§ PROBLEM TO WORK ON
Nothing in the entries may change when you repeat them, and no images may appear.

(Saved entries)
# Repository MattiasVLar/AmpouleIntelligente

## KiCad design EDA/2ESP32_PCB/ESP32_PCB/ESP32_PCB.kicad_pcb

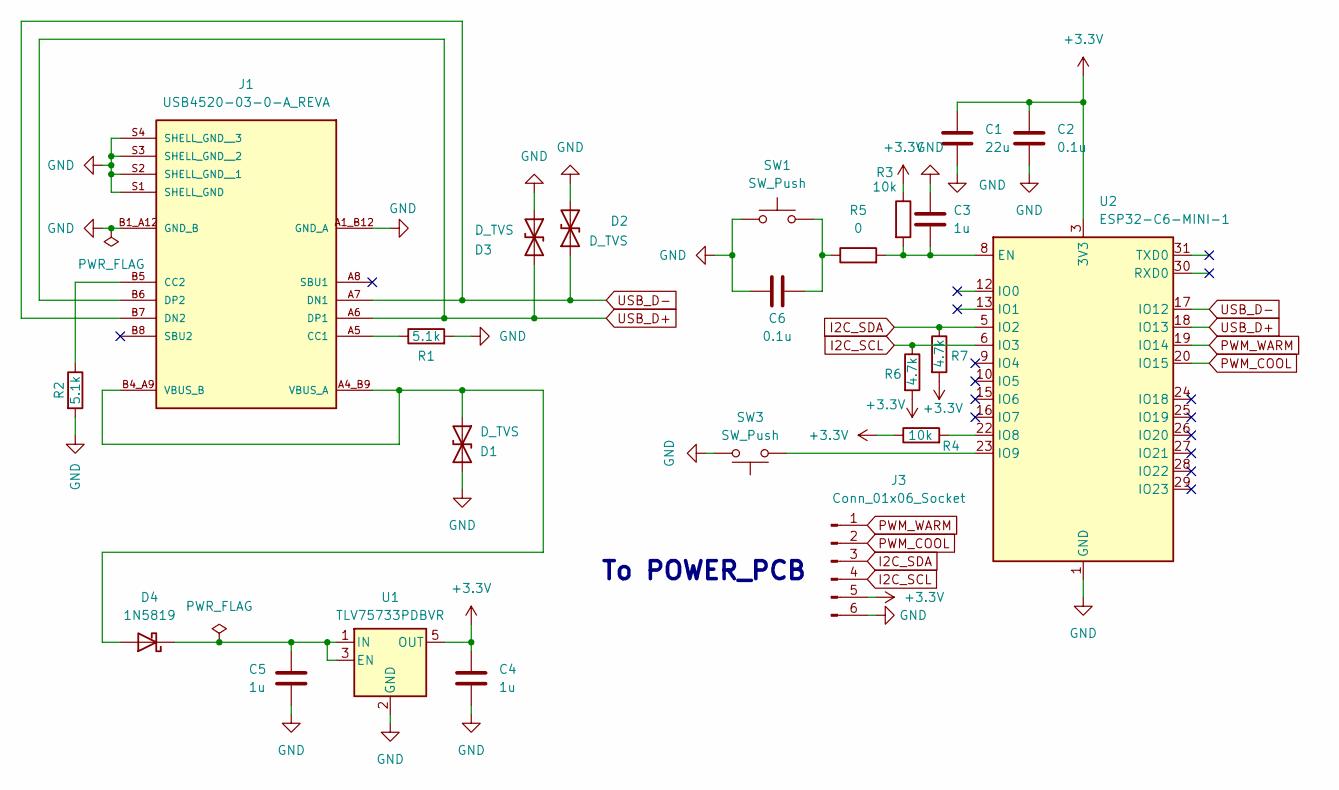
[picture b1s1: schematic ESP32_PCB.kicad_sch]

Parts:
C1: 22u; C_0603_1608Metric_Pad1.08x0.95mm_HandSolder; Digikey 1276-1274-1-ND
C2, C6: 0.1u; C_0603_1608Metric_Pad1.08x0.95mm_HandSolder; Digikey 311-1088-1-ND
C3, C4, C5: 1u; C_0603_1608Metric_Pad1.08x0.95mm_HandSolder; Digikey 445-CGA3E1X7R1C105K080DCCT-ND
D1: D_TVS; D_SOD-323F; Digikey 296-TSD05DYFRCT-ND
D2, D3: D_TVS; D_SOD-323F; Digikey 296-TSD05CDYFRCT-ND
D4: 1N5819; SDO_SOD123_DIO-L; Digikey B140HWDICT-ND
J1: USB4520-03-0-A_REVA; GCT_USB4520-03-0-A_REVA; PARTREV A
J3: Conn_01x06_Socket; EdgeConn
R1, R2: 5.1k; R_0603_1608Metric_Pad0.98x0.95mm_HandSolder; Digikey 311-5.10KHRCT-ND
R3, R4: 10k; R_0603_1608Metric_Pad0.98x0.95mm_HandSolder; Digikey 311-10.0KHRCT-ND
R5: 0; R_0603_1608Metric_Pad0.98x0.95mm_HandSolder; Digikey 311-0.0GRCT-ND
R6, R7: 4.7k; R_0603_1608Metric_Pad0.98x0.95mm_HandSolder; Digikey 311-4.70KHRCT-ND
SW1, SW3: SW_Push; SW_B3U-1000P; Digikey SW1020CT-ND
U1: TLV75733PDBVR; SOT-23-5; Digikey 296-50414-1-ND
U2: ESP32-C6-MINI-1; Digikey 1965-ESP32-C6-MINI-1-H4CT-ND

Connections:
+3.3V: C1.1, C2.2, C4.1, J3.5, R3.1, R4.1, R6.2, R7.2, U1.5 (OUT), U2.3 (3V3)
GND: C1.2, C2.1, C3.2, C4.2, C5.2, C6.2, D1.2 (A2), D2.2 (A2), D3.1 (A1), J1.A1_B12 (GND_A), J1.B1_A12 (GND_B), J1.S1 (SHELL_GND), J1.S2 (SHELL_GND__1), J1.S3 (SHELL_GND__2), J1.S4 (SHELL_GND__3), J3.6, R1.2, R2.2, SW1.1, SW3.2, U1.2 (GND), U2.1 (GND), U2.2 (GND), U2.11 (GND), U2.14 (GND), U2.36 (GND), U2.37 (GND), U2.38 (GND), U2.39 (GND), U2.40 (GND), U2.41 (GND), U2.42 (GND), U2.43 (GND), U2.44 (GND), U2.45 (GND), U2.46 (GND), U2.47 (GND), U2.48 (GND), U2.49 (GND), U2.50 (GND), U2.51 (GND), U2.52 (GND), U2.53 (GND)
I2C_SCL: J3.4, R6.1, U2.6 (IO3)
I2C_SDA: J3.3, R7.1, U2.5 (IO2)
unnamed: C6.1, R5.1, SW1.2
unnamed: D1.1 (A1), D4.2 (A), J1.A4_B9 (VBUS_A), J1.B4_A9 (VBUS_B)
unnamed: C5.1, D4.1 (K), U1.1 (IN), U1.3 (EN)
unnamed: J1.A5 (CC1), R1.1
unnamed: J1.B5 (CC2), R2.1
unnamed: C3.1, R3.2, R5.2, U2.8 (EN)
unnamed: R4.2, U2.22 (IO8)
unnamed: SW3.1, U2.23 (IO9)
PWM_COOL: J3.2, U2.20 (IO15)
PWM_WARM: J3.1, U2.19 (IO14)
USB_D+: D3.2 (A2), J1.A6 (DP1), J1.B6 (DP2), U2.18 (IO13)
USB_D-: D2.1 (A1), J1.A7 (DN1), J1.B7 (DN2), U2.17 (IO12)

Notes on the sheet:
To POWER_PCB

§ SOLUTION
# Repository MattiasVLar/AmpouleIntelligente

## KiCad design EDA/2ESP32_PCB/ESP32_PCB/ESP32_PCB.kicad_pcb

[picture b1s1: schematic ESP32_PCB.kicad_sch]

Parts:
C1: 22u; C_0603_1608Metric_Pad1.08x0.95mm_HandSolder; Digikey 1276-1274-1-ND
C2, C6: 0.1u; C_0603_1608Metric_Pad1.08x0.95mm_HandSolder; Digikey 311-1088-1-ND
C3, C4, C5: 1u; C_0603_1608Metric_Pad1.08x0.95mm_HandSolder; Digikey 445-CGA3E1X7R1C105K080DCCT-ND
D1: D_TVS; D_SOD-323F; Digikey 296-TSD05DYFRCT-ND
D2, D3: D_TVS; D_SOD-323F; Digikey 296-TSD05CDYFRCT-ND
D4: 1N5819; SDO_SOD123_DIO-L; Digikey B140HWDICT-ND
J1: USB4520-03-0-A_REVA; GCT_USB4520-03-0-A_REVA; PARTREV A
J3: Conn_01x06_Socket; EdgeConn
R1, R2: 5.1k; R_0603_1608Metric_Pad0.98x0.95mm_HandSolder; Digikey 311-5.10KHRCT-ND
R3, R4: 10k; R_0603_1608Metric_Pad0.98x0.95mm_HandSolder; Digikey 311-10.0KHRCT-ND
R5: 0; R_0603_1608Metric_Pad0.98x0.95mm_HandSolder; Digikey 311-0.0GRCT-ND
R6, R7: 4.7k; R_0603_1608Metric_Pad0.98x0.95mm_HandSolder; Digikey 311-4.70KHRCT-ND
SW1, SW3: SW_Push; SW_B3U-1000P; Digikey SW1020CT-ND
U1: TLV75733PDBVR; SOT-23-5; Digikey 296-50414-1-ND
U2: ESP32-C6-MINI-1; Digikey 1965-ESP32-C6-MINI-1-H4CT-ND

Connections:
+3.3V: C1.1, C2.2, C4.1, J3.5, R3.1, R4.1, R6.2, R7.2, U1.5 (OUT), U2.3 (3V3)
GND: C1.2, C2.1, C3.2, C4.2, C5.2, C6.2, D1.2 (A2), D2.2 (A2), D3.1 (A1), J1.A1_B12 (GND_A), J1.B1_A12 (GND_B), J1.S1 (SHELL_GND), J1.S2 (SHELL_GND__1), J1.S3 (SHELL_GND__2), J1.S4 (SHELL_GND__3), J3.6, R1.2, R2.2, SW1.1, SW3.2, U1.2 (GND), U2.1 (GND), U2.2 (GND), U2.11 (GND), U2.14 (GND), U2.36 (GND), U2.37 (GND), U2.38 (GND), U2.39 (GND), U2.40 (GND), U2.41 (GND), U2.42 (GND), U2.43 (GND), U2.44 (GND), U2.45 (GND), U2.46 (GND), U2.47 (GND), U2.48 (GND), U2.49 (GND), U2.50 (GND), U2.51 (GND), U2.52 (GND), U2.53 (GND)
I2C_SCL: J3.4, R6.1, U2.6 (IO3)
I2C_SDA: J3.3, R7.1, U2.5 (IO2)
unnamed: C6.1, R5.1, SW1.2
unnamed: D1.1 (A1), D4.2 (A), J1.A4_B9 (VBUS_A), J1.B4_A9 (VBUS_B)
unnamed: C5.1, D4.1 (K), U1.1 (IN), U1.3 (EN)
unnamed: J1.A5 (CC1), R1.1
unnamed: J1.B5 (CC2), R2.1
unnamed: C3.1, R3.2, R5.2, U2.8 (EN)
unnamed: R4.2, U2.22 (IO8)
unnamed: SW3.1, U2.23 (IO9)
PWM_COOL: J3.2, U2.20 (IO15)
PWM_WARM: J3.1, U2.19 (IO14)
USB_D+: D3.2 (A2), J1.A6 (DP1), J1.B6 (DP2), U2.18 (IO13)
USB_D-: D2.1 (A1), J1.A7 (DN1), J1.B7 (DN2), U2.17 (IO12)

Notes on the sheet:
To POWER_PCB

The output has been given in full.